1925 hatte Stoßtruppmitglied und Hitlerchauffeur Julius Schreck auf Hitlers Befehl hin begonnen, landesweit Schutzstaffeln zusammenzustellen. Was Schreck in Wirklichkeit suchte, war Rohmaterial zur Züchtung des neuen Menschen. Jeder potentielle Kandidat wurde auf seine Reinrassigkeit und auf körperliche Eignung untersucht. Mit der "Pingeligkeit eines gelernten Hühnerzüchters" (Höhne) achtete Himmler darauf, daß den SS-Männern nicht jene Ebenmäßigkeit im Bau fehlte, die zum Bild des "schönen, sich selbst gebietenden Gottmenschen" gehörte, der in Hitlers Ordensburgen als lebendes Kultbild stehen sollte. Hatte ein Mitglied erst den Eid auf den Führer - Treue bis in den Tod - abgelegt, hatte er die eigentliche Herrschaft über sein Leben abgetreten. Er durfte zum Beispiel nur noch nach rassischen Gesichtspunkten und mit Einwilligung des Rassenamtes und Himmlers heiraten. Dem SS-Mann wurde nach und nach alles Schwache weggehämmert, bis er zum "freien, herrlichen Raubtier" wurde, das der Losung "Glauben, gehorchen, kämpfen" bedingungslos folgte. Der ideale SS-Mann war ein Roboter ohne Gewissen, eine allzeit bereite Kampfmaschine. Die Ausrottung der Juden wurde ihm als ein moralisches Recht eingeimpft, mit der Begründung, jene hätten ja dasselbe mit dem deutschen Volk versucht.

Wohl durfte man unter der selbst ausgeübten Grausamkeit leiden, mußte sich als mannhaftes Mitglied jedoch der unangenehmen, aber "lebenswichtigen" Pflicht beugen. So betonte es Himmler in seinen Reden.
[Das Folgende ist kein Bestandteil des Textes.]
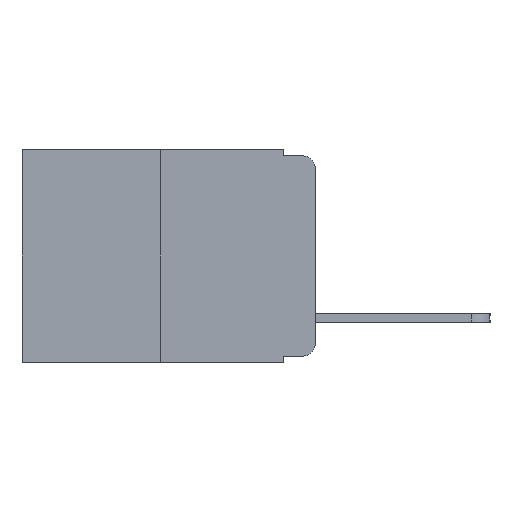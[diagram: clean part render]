
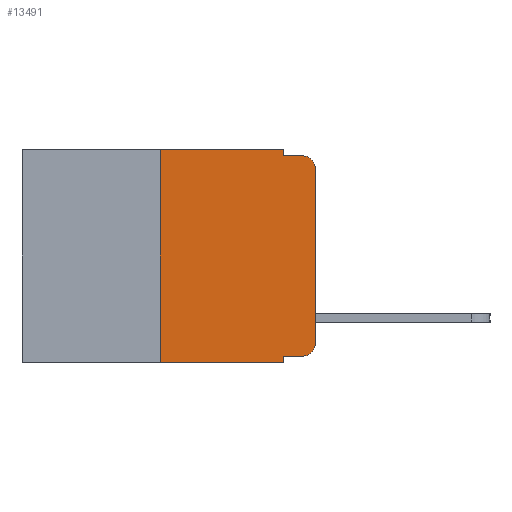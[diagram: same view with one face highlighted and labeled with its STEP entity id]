
A CAD part, left-side view. The second image highlights one B-rep face of the part: STEP entity #13491.
In plain terms, the highlighted planar face has unit normal (-1, 0, 0).
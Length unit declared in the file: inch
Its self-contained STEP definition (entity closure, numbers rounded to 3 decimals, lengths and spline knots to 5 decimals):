
#367 = AXIS2_PLACEMENT_3D ( 'NONE', #4171, #11626, #5293 ) ;
#442 = DIRECTION ( 'NONE',  ( 0., -1., 0. ) ) ;
#454 = ORIENTED_EDGE ( 'NONE', *, *, #1228, .F. ) ;
#505 = CARTESIAN_POINT ( 'NONE',  ( 0., 0.051, -0.01 ) ) ;
#622 = CARTESIAN_POINT ( 'NONE',  ( 0., 0.051, 0. ) ) ;
#867 = VECTOR ( 'NONE', #13218, 39.37008 ) ;
#948 = ORIENTED_EDGE ( 'NONE', *, *, #9812, .F. ) ;
#1228 = EDGE_CURVE ( 'NONE', #12037, #12778, #2610, .T. ) ;
#1259 = ORIENTED_EDGE ( 'NONE', *, *, #1908, .T. ) ;
#1322 = CARTESIAN_POINT ( 'NONE',  ( 0., 0.02, -0.03 ) ) ;
#1336 = VERTEX_POINT ( 'NONE', #3669 ) ;
#1721 = DIRECTION ( 'NONE',  ( 0., 0., -1. ) ) ;
#1722 = EDGE_CURVE ( 'NONE', #2819, #9301, #2254, .T. ) ;
#1767 = DIRECTION ( 'NONE',  ( -1., 0., 0. ) ) ;
#1908 = EDGE_CURVE ( 'NONE', #7437, #1336, #8883, .T. ) ;
#2203 = CARTESIAN_POINT ( 'NONE',  ( 0., 0.051, -0.333 ) ) ;
#2254 = LINE ( 'NONE', #505, #5435 ) ;
#2319 = EDGE_LOOP ( 'NONE', ( #1259, #5461, #9942, #948, #10919, #454, #11277, #7504, #9796, #6842 ) ) ;
#2402 = DIRECTION ( 'NONE',  ( 0., 0., -1. ) ) ;
#2503 = CARTESIAN_POINT ( 'NONE',  ( 0., 0.473, 0. ) ) ;
#2610 = LINE ( 'NONE', #5559, #13543 ) ;
#2819 = VERTEX_POINT ( 'NONE', #7734 ) ;
#3204 = VECTOR ( 'NONE', #10423, 39.37008 ) ;
#3669 = CARTESIAN_POINT ( 'NONE',  ( 0., 0., -0.03 ) ) ;
#4171 = CARTESIAN_POINT ( 'NONE',  ( 0., 0.473, 0. ) ) ;
#4755 = DIRECTION ( 'NONE',  ( 0., -1., 0. ) ) ;
#4817 = LINE ( 'NONE', #2503, #10446 ) ;
#4832 = LINE ( 'NONE', #7205, #10463 ) ;
#5123 = AXIS2_PLACEMENT_3D ( 'NONE', #1322, #8813, #2402 ) ;
#5293 = DIRECTION ( 'NONE',  ( 0., 0., -1. ) ) ;
#5378 = EDGE_CURVE ( 'NONE', #12778, #9348, #4817, .T. ) ;
#5410 = EDGE_CURVE ( 'NONE', #12037, #5619, #9463, .T. ) ;
#5435 = VECTOR ( 'NONE', #442, 39.37008 ) ;
#5461 = ORIENTED_EDGE ( 'NONE', *, *, #7909, .T. ) ;
#5559 = CARTESIAN_POINT ( 'NONE',  ( 0., 0.25, 0. ) ) ;
#5619 = VERTEX_POINT ( 'NONE', #13483 ) ;
#6640 = VECTOR ( 'NONE', #4755, 39.37008 ) ;
#6842 = ORIENTED_EDGE ( 'NONE', *, *, #10279, .T. ) ;
#6907 = FACE_OUTER_BOUND ( 'NONE', #2319, .T. ) ;
#6926 = CARTESIAN_POINT ( 'NONE',  ( 0., 0.051, 0. ) ) ;
#7031 = VERTEX_POINT ( 'NONE', #2203 ) ;
#7205 = CARTESIAN_POINT ( 'NONE',  ( 0., 0.051, -0.333 ) ) ;
#7437 = VERTEX_POINT ( 'NONE', #8062 ) ;
#7504 = ORIENTED_EDGE ( 'NONE', *, *, #11498, .F. ) ;
#7538 = EDGE_CURVE ( 'NONE', #7031, #11582, #4832, .T. ) ;
#7734 = CARTESIAN_POINT ( 'NONE',  ( 0., 0.051, -0.01 ) ) ;
#7909 = EDGE_CURVE ( 'NONE', #1336, #9301, #8666, .T. ) ;
#7963 = VECTOR ( 'NONE', #1721, 39.37008 ) ;
#8062 = CARTESIAN_POINT ( 'NONE',  ( 0., 0., -0.313 ) ) ;
#8150 = CARTESIAN_POINT ( 'NONE',  ( 0., 0.02, -0.333 ) ) ;
#8189 = CARTESIAN_POINT ( 'NONE',  ( 0., 0.02, -0.313 ) ) ;
#8264 = CARTESIAN_POINT ( 'NONE',  ( 0., 0.25, 0. ) ) ;
#8666 = CIRCLE ( 'NONE', #5123, 0.02 ) ;
#8813 = DIRECTION ( 'NONE',  ( -1., 0., 0. ) ) ;
#8883 = LINE ( 'NONE', #11308, #3204 ) ;
#9053 = LINE ( 'NONE', #6926, #867 ) ;
#9225 = DIRECTION ( 'NONE',  ( 0., 0., -1. ) ) ;
#9301 = VERTEX_POINT ( 'NONE', #11424 ) ;
#9348 = VERTEX_POINT ( 'NONE', #12587 ) ;
#9463 = LINE ( 'NONE', #11087, #6640 ) ;
#9796 = ORIENTED_EDGE ( 'NONE', *, *, #7538, .T. ) ;
#9812 = EDGE_CURVE ( 'NONE', #9348, #2819, #10726, .T. ) ;
#9942 = ORIENTED_EDGE ( 'NONE', *, *, #1722, .F. ) ;
#10279 = EDGE_CURVE ( 'NONE', #11582, #7437, #13677, .T. ) ;
#10423 = DIRECTION ( 'NONE',  ( 0., 0., 1. ) ) ;
#10446 = VECTOR ( 'NONE', #10999, 39.37008 ) ;
#10463 = VECTOR ( 'NONE', #13486, 39.37008 ) ;
#10561 = PLANE ( 'NONE',  #367 ) ;
#10726 = LINE ( 'NONE', #622, #7963 ) ;
#10919 = ORIENTED_EDGE ( 'NONE', *, *, #5378, .F. ) ;
#10999 = DIRECTION ( 'NONE',  ( 0., -1., 0. ) ) ;
#11087 = CARTESIAN_POINT ( 'NONE',  ( 0., 0.473, -0.343 ) ) ;
#11277 = ORIENTED_EDGE ( 'NONE', *, *, #5410, .T. ) ;
#11308 = CARTESIAN_POINT ( 'NONE',  ( 0., 0., 0. ) ) ;
#11424 = CARTESIAN_POINT ( 'NONE',  ( 0., 0.02, -0.01 ) ) ;
#11498 = EDGE_CURVE ( 'NONE', #7031, #5619, #9053, .T. ) ;
#11582 = VERTEX_POINT ( 'NONE', #8150 ) ;
#11626 = DIRECTION ( 'NONE',  ( 1., 0., 0. ) ) ;
#11682 = DIRECTION ( 'NONE',  ( 0., 0., 1. ) ) ;
#12037 = VERTEX_POINT ( 'NONE', #12200 ) ;
#12200 = CARTESIAN_POINT ( 'NONE',  ( 0., 0.25, -0.343 ) ) ;
#12587 = CARTESIAN_POINT ( 'NONE',  ( 0., 0.051, 0. ) ) ;
#12778 = VERTEX_POINT ( 'NONE', #8264 ) ;
#13218 = DIRECTION ( 'NONE',  ( 0., 0., -1. ) ) ;
#13483 = CARTESIAN_POINT ( 'NONE',  ( 0., 0.051, -0.343 ) ) ;
#13486 = DIRECTION ( 'NONE',  ( 0., -1., 0. ) ) ;
#13491 = ADVANCED_FACE ( 'NONE', ( #6907 ), #10561, .F. ) ;
#13543 = VECTOR ( 'NONE', #11682, 39.37008 ) ;
#13640 = AXIS2_PLACEMENT_3D ( 'NONE', #8189, #1767, #9225 ) ;
#13677 = CIRCLE ( 'NONE', #13640, 0.02 ) ;

Einmal, in Posen, sagte er wörtlich zu seinen SS-Männern: "Sollte im Bereich Ihres Gesichtskreises jemals einer dem Führer oder dem Reich untreu sein, und sei es nur in Gedanken, so haben Sie dafür zu sorgen, daß dieser Mann aus dem Orden kommt, und wir werden dafür sorgen, daß er aus dem Leben kommt."

In erster Linie sollte sich die SS durch ein konsequentes Neuheidentum von ihrer Umwelt abheben. Sie sollte das Vorbild, der Sauerteig des heraufdämmernden magischen Zeitalters sein. An die Stelle kirchlicher Trauungen rückten die Eheweihen unter den Siegrunen der alten Germanen. Dabei tauschten die Eheleute vor dem örtlichen Einheitsführer ihre Ringe und empfingen von diesem Brot und Salz. Denn der Führer hatte schon 1933 verkündet: "An die Stelle des Dogmas von dem stellvertretenden Leiden und Sterben eines göttlichen Erlösers tritt das stellvertretende Leben und Handeln des neuen Führergesetzgebers, das die Masse der Gläubigen von der Last der freien Entscheidung entbindet. Der christlichen Lehre von der unendlichen Bedeutung der Einzelseele und der persönlichen Verantwortung setze ich mit eiskalter Klarheit die erlösende Lehre von der Nichtigkeit und Unbedeutendheit des einzelnen Menschen gegenüber."